▶ WHAT THE TASK REQUIRES
From the listing below, copy only the lines running from the line that contains "#195=LINE('',#194,#193);" to the line that contains "#215=PLANE('',#214);", both included.

▶ TASK INPUTS
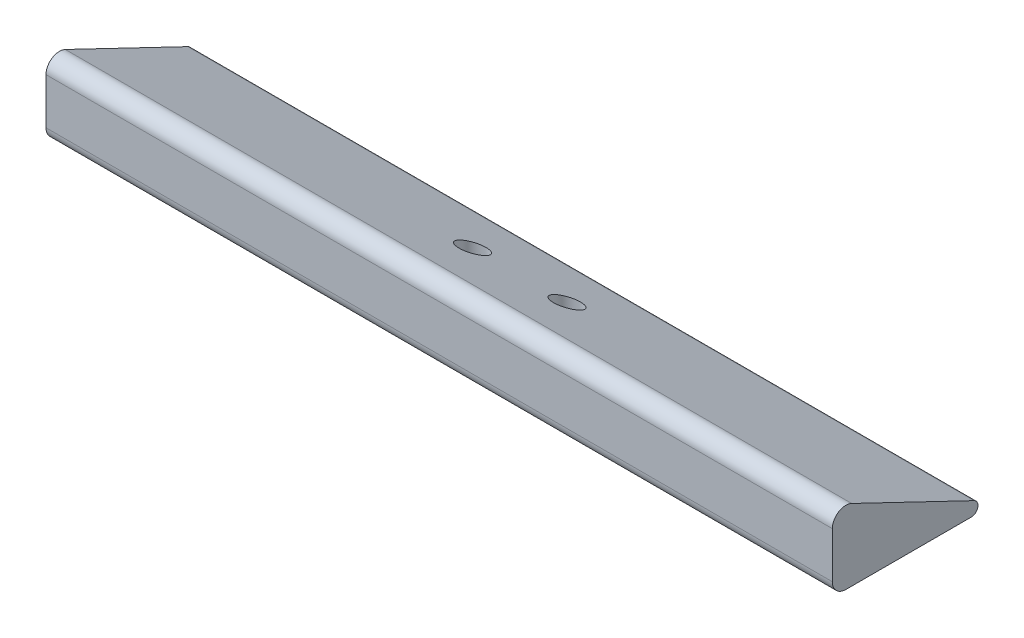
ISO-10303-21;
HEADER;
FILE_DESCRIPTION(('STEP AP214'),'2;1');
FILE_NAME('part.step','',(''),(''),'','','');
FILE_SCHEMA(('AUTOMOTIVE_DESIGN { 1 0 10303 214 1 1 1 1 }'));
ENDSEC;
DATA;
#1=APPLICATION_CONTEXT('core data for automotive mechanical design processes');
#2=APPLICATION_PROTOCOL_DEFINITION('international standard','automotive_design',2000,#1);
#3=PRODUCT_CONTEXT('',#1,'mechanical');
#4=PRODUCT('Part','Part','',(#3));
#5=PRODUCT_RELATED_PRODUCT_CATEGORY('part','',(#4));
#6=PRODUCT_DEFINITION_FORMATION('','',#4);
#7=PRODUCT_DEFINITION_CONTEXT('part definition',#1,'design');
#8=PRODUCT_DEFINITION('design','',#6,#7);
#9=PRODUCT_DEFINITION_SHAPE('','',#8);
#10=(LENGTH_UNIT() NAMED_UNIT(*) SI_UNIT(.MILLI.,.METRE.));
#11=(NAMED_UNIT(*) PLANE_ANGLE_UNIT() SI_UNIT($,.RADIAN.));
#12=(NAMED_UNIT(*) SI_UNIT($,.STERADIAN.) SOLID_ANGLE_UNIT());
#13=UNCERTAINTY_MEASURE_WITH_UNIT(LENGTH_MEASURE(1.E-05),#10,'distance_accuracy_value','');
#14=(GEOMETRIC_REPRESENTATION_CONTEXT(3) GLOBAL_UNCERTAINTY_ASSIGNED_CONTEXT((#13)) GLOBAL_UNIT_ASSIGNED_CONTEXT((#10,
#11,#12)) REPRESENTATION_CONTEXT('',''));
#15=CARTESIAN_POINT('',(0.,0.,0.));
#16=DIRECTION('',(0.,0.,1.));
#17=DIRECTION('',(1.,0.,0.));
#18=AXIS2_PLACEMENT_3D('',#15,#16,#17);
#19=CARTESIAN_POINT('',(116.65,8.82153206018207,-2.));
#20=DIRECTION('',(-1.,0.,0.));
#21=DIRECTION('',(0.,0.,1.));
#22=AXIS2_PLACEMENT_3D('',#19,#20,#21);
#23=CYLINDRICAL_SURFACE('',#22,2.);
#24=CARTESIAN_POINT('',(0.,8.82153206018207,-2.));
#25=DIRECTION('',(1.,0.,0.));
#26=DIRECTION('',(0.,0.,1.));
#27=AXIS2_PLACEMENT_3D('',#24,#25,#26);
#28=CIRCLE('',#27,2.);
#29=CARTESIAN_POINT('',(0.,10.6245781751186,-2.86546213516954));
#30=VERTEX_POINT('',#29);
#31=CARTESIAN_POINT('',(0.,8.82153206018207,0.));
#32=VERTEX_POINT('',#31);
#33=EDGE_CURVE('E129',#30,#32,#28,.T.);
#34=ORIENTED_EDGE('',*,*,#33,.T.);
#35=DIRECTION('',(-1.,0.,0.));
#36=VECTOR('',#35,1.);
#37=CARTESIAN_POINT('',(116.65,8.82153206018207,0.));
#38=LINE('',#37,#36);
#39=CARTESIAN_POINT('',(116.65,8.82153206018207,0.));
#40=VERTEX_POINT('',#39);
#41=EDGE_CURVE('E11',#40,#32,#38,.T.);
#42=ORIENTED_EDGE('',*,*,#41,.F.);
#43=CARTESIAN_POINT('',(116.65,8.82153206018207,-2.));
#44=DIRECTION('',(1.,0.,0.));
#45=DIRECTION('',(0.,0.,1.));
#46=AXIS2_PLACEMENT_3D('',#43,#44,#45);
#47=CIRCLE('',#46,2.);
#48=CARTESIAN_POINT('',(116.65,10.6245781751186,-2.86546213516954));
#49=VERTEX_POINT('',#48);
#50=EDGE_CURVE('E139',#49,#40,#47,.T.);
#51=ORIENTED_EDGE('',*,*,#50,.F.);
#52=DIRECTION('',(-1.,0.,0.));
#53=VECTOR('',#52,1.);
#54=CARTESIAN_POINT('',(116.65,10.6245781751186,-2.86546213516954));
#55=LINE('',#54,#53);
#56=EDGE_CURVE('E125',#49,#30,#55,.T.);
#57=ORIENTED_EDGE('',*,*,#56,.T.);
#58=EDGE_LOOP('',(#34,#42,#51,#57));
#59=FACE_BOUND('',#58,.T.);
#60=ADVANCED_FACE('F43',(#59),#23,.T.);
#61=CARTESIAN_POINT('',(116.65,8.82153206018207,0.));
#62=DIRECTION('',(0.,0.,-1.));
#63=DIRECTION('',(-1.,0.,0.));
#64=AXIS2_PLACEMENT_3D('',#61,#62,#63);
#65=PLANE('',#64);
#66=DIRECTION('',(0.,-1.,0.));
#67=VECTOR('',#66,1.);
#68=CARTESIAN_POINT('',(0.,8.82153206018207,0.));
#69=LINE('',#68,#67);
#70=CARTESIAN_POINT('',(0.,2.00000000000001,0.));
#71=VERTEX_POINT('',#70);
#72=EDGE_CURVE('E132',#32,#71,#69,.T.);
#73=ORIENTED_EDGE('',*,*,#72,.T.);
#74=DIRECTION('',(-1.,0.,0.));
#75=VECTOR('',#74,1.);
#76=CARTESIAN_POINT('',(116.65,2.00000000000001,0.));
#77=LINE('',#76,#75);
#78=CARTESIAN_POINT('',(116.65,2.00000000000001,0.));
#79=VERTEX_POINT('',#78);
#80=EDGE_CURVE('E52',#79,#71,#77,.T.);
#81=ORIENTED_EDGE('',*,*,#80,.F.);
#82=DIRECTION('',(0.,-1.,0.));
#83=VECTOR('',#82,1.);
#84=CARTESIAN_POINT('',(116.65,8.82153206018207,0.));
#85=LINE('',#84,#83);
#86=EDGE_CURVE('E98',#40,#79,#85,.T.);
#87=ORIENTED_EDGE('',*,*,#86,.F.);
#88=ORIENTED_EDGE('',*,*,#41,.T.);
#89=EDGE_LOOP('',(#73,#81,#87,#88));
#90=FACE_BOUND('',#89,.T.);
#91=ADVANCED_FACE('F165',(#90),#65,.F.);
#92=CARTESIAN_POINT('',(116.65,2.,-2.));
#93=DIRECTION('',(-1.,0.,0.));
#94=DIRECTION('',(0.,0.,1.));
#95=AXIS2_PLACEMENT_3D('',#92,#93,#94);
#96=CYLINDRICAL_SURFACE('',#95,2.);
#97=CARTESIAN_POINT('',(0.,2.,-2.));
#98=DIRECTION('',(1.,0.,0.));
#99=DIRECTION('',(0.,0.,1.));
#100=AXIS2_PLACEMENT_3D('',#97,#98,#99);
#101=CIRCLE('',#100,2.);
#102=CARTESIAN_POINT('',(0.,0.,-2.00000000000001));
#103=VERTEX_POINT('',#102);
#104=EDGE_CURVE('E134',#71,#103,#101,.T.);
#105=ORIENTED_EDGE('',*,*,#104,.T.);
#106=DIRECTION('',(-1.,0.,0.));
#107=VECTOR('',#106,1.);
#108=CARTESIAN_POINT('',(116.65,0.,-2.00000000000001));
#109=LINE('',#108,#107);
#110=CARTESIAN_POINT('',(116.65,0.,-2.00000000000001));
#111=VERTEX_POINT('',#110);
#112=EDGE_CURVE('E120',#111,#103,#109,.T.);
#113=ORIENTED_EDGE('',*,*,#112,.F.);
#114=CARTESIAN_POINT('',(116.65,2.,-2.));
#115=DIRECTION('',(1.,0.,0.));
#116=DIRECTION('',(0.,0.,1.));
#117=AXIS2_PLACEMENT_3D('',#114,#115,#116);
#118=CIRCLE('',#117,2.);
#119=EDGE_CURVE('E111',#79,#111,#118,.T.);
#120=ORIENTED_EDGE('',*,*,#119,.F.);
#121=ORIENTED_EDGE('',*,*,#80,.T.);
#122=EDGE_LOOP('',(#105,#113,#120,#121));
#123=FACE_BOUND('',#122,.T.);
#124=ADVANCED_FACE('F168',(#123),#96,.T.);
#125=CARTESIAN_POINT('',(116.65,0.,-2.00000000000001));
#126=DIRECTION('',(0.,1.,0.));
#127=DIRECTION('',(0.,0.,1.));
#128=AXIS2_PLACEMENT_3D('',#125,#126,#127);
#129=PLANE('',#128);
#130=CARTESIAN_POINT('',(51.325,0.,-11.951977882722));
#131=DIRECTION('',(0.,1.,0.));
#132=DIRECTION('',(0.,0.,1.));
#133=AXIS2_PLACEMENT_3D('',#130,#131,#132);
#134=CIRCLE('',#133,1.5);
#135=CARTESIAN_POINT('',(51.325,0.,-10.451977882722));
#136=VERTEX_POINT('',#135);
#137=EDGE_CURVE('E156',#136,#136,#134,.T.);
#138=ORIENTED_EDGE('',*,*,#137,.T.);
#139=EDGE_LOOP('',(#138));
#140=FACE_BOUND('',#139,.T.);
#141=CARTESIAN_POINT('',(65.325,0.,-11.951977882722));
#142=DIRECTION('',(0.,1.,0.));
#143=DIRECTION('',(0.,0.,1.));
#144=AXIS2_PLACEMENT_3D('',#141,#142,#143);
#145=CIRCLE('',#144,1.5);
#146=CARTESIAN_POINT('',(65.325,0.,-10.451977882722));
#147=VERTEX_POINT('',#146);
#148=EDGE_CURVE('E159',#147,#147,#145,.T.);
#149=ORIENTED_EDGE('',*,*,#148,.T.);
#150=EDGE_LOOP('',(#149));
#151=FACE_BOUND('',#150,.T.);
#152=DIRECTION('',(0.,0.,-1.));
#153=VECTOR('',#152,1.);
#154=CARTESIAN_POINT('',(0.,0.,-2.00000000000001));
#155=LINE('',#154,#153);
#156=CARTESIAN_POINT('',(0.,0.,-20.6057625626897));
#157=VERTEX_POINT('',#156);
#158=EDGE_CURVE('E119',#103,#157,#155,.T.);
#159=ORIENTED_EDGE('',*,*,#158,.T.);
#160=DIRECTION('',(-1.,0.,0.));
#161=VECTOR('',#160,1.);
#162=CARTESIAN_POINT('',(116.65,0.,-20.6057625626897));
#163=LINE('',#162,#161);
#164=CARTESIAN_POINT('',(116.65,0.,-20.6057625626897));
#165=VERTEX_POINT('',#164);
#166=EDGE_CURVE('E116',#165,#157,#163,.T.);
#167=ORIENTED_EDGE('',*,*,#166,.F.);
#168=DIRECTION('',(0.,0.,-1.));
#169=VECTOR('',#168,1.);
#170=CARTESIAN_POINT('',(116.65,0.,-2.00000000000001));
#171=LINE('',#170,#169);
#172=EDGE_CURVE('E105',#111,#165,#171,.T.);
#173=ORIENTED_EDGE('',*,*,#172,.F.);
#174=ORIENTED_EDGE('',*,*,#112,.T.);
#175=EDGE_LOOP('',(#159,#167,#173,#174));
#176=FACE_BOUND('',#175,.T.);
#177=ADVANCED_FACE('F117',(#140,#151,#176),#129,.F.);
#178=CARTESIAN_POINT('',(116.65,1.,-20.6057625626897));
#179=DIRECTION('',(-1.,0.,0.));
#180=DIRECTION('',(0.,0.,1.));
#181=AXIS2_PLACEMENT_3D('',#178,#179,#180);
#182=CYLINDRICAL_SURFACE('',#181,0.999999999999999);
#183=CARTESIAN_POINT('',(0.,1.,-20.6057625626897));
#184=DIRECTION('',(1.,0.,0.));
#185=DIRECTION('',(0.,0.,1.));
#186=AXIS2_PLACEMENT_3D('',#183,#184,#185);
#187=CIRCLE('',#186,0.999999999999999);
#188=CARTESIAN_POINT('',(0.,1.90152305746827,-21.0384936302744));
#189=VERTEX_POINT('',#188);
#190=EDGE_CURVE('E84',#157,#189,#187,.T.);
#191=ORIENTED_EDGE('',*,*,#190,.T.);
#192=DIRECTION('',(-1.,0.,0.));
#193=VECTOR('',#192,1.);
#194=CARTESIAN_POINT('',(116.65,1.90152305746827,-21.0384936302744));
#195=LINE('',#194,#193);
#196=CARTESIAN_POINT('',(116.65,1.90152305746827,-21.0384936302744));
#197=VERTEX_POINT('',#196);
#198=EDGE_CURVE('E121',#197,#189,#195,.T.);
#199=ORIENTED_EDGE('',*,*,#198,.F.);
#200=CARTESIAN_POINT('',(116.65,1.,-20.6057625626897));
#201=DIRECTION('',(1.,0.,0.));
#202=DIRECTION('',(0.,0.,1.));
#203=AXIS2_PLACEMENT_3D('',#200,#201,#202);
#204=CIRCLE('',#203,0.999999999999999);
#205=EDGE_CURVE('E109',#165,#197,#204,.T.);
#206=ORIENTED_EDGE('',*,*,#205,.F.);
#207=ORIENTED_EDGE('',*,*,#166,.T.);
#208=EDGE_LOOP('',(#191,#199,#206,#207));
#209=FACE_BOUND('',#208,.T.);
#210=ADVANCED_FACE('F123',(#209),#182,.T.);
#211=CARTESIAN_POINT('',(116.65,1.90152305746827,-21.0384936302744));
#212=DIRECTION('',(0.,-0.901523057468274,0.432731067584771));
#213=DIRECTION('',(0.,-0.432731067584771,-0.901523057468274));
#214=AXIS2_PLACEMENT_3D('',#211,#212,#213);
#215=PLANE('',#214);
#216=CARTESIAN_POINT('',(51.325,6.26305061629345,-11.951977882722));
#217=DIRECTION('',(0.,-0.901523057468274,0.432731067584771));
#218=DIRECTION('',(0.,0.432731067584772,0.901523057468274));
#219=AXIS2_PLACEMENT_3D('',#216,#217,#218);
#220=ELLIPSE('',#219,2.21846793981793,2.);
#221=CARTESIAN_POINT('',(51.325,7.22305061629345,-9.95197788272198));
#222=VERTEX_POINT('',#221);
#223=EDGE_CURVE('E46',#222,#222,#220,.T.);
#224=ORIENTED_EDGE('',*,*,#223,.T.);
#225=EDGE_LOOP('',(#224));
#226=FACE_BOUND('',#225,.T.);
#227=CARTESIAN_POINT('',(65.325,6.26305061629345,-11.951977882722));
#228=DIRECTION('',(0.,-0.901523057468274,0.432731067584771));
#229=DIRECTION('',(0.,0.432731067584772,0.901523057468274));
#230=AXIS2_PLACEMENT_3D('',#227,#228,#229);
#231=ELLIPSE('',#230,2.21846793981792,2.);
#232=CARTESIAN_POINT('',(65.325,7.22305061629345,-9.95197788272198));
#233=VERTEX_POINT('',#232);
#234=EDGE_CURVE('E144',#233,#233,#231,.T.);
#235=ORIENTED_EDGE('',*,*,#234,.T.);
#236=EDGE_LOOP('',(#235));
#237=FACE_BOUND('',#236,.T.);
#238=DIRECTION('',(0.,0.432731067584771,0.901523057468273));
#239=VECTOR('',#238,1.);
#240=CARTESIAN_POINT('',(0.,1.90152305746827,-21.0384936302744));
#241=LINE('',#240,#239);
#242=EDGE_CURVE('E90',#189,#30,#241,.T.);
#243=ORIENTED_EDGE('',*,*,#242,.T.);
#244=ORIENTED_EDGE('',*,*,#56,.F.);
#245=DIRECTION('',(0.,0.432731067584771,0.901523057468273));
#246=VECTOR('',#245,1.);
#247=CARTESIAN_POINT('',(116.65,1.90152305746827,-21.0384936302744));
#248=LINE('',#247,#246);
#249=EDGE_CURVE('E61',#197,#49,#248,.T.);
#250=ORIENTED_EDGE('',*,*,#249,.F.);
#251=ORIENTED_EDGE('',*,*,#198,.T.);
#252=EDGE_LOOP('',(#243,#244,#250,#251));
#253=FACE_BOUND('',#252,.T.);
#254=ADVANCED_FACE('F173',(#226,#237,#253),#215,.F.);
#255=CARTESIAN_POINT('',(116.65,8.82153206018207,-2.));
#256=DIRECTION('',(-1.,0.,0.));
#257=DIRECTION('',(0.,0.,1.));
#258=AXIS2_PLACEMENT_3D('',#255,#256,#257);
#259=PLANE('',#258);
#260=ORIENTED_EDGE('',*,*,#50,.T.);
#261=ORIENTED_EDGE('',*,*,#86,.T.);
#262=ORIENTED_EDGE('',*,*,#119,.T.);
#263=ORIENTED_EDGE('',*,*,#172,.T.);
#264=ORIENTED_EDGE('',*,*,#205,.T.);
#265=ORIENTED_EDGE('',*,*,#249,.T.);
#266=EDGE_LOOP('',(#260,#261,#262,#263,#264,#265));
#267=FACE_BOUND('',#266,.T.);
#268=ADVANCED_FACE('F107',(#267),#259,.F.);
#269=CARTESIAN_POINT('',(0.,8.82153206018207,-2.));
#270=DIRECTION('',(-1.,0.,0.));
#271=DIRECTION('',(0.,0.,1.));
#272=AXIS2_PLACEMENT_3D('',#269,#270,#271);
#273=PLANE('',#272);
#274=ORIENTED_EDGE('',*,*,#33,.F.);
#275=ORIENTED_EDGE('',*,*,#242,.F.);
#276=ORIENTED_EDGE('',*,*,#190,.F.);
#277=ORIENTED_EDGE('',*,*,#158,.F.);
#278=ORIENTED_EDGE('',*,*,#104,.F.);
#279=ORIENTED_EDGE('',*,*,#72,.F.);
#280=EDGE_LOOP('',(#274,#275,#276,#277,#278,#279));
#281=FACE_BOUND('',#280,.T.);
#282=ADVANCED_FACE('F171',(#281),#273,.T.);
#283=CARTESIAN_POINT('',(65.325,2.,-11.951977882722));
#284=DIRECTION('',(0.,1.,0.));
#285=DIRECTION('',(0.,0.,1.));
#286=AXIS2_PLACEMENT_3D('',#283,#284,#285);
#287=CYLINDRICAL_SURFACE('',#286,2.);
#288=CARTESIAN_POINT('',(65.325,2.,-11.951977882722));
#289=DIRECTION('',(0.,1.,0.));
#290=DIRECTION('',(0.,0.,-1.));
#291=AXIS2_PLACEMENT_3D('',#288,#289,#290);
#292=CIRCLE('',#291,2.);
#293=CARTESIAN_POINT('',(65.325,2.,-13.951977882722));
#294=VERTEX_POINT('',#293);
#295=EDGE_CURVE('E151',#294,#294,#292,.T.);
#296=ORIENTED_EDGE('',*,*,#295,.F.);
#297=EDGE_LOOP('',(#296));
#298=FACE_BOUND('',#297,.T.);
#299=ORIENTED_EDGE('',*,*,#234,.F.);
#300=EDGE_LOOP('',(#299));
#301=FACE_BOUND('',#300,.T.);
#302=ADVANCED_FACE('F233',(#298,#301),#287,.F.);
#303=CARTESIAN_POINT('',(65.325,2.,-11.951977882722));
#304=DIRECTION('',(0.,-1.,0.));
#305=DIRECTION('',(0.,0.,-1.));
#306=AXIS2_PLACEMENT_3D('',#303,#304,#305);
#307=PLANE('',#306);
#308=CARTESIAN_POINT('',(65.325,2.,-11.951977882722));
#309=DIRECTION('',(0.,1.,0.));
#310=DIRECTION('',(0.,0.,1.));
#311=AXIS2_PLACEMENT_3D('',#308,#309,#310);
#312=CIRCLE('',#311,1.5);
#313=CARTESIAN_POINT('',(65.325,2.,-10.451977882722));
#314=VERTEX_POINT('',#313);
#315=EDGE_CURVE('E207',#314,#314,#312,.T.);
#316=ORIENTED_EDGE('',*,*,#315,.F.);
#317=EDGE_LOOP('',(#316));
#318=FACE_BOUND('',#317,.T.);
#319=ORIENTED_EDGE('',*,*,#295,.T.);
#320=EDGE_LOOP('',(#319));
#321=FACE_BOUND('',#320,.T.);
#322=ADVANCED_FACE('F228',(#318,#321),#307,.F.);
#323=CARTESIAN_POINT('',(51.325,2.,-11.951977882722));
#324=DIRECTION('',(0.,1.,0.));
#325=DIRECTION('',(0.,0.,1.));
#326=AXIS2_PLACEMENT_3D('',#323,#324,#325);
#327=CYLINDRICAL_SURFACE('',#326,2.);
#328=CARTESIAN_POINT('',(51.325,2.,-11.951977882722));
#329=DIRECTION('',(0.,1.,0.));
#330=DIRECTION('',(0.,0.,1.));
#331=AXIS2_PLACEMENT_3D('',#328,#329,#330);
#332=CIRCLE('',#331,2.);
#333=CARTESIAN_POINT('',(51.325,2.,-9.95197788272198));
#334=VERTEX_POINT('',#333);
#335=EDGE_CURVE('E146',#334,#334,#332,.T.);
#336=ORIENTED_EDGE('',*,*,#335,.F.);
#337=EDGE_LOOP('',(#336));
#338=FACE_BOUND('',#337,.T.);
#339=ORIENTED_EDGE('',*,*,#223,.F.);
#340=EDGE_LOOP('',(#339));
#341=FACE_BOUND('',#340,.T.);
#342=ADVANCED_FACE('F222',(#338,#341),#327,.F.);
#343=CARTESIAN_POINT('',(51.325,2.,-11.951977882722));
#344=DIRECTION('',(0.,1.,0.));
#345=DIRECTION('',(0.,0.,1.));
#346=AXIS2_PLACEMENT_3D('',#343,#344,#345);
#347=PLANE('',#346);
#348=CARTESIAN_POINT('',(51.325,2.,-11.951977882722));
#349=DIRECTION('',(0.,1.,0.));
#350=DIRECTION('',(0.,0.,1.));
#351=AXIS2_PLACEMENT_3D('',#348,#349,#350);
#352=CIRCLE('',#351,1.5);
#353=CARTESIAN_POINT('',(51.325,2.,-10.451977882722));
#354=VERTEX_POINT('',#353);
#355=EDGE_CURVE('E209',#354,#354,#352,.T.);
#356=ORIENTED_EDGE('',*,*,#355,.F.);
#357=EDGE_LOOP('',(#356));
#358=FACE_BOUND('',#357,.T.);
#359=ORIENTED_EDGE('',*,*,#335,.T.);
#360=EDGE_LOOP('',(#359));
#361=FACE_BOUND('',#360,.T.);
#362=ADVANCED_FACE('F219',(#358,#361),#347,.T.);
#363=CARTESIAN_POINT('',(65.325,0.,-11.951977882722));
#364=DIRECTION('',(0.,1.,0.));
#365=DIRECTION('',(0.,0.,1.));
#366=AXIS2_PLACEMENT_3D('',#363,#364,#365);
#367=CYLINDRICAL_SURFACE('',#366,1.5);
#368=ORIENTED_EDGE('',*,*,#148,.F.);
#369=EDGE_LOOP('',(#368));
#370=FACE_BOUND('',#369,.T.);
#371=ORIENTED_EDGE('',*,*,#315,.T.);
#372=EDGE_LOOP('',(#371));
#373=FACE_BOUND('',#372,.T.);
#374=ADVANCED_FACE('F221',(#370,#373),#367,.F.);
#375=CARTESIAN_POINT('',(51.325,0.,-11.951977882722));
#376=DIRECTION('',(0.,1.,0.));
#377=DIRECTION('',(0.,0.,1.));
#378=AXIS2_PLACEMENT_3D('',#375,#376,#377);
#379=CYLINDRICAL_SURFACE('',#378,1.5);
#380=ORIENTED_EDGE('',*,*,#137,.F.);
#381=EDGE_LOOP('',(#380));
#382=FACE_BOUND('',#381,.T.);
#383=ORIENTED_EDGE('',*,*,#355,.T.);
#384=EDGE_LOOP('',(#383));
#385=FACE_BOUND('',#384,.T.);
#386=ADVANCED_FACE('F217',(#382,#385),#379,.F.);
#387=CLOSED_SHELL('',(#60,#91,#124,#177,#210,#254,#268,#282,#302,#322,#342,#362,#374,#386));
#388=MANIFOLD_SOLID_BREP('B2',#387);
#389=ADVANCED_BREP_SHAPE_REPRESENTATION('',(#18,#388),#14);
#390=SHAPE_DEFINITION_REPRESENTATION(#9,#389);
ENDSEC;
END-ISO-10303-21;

▶ RESPONSE TO THIS EXERCISE
#195=LINE('',#194,#193);
#196=CARTESIAN_POINT('',(116.65,1.90152305746827,-21.0384936302744));
#197=VERTEX_POINT('',#196);
#198=EDGE_CURVE('E121',#197,#189,#195,.T.);
#199=ORIENTED_EDGE('',*,*,#198,.F.);
#200=CARTESIAN_POINT('',(116.65,1.,-20.6057625626897));
#201=DIRECTION('',(1.,0.,0.));
#202=DIRECTION('',(0.,0.,1.));
#203=AXIS2_PLACEMENT_3D('',#200,#201,#202);
#204=CIRCLE('',#203,0.999999999999999);
#205=EDGE_CURVE('E109',#165,#197,#204,.T.);
#206=ORIENTED_EDGE('',*,*,#205,.F.);
#207=ORIENTED_EDGE('',*,*,#166,.T.);
#208=EDGE_LOOP('',(#191,#199,#206,#207));
#209=FACE_BOUND('',#208,.T.);
#210=ADVANCED_FACE('F123',(#209),#182,.T.);
#211=CARTESIAN_POINT('',(116.65,1.90152305746827,-21.0384936302744));
#212=DIRECTION('',(0.,-0.901523057468274,0.432731067584771));
#213=DIRECTION('',(0.,-0.432731067584771,-0.901523057468274));
#214=AXIS2_PLACEMENT_3D('',#211,#212,#213);
#215=PLANE('',#214);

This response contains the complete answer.